[Collected data]
:::::

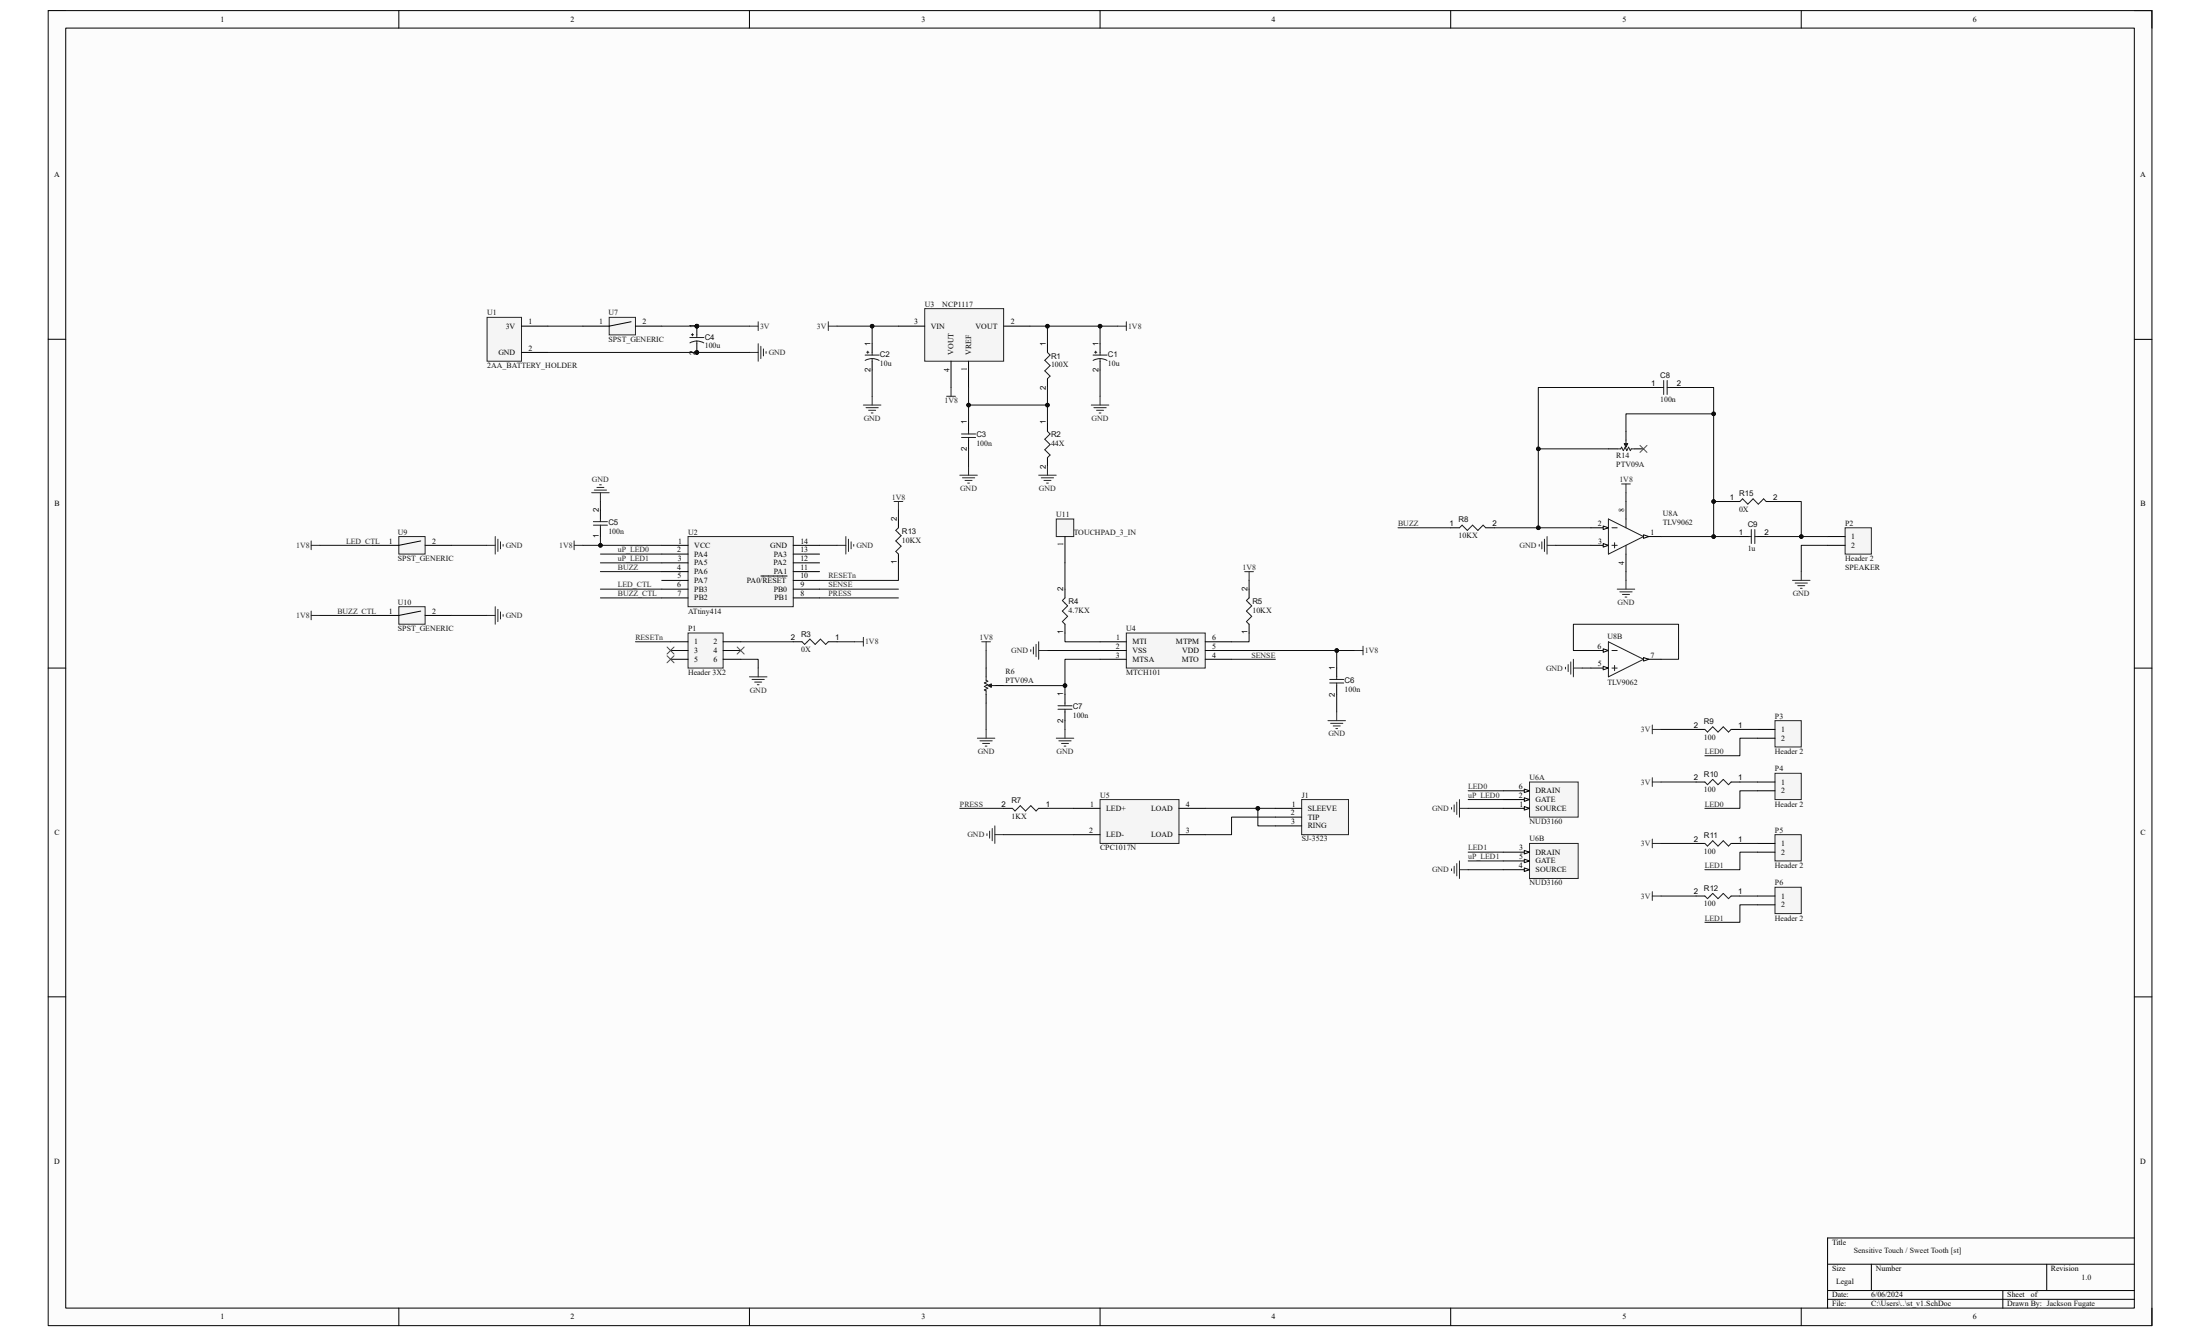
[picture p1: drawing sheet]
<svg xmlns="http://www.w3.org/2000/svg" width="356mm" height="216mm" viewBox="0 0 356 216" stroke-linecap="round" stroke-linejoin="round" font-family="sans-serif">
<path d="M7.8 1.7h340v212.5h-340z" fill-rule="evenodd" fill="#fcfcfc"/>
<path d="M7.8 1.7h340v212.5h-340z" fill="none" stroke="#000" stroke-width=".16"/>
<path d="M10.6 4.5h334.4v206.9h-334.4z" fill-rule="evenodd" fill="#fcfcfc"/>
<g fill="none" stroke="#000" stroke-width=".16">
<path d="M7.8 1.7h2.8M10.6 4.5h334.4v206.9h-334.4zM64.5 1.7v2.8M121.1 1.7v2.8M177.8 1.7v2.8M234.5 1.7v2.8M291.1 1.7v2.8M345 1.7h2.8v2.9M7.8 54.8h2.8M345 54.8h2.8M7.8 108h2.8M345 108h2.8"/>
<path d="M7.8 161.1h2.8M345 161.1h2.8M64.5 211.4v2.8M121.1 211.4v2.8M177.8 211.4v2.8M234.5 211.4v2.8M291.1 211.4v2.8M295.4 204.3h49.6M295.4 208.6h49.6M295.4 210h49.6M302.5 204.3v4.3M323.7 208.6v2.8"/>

:::::

Prompt: Your task is to retype the records above in full and exactly, omitting the pictures.

Problem solution:
[picture p1: drawing sheet]
<svg xmlns="http://www.w3.org/2000/svg" width="356mm" height="216mm" viewBox="0 0 356 216" stroke-linecap="round" stroke-linejoin="round" font-family="sans-serif">
<path d="M7.8 1.7h340v212.5h-340z" fill-rule="evenodd" fill="#fcfcfc"/>
<path d="M7.8 1.7h340v212.5h-340z" fill="none" stroke="#000" stroke-width=".16"/>
<path d="M10.6 4.5h334.4v206.9h-334.4z" fill-rule="evenodd" fill="#fcfcfc"/>
<g fill="none" stroke="#000" stroke-width=".16">
<path d="M7.8 1.7h2.8M10.6 4.5h334.4v206.9h-334.4zM64.5 1.7v2.8M121.1 1.7v2.8M177.8 1.7v2.8M234.5 1.7v2.8M291.1 1.7v2.8M345 1.7h2.8v2.9M7.8 54.8h2.8M345 54.8h2.8M7.8 108h2.8M345 108h2.8"/>
<path d="M7.8 161.1h2.8M345 161.1h2.8M64.5 211.4v2.8M121.1 211.4v2.8M177.8 211.4v2.8M234.5 211.4v2.8M291.1 211.4v2.8M295.4 204.3h49.6M295.4 208.6h49.6M295.4 210h49.6M302.5 204.3v4.3M323.7 208.6v2.8"/>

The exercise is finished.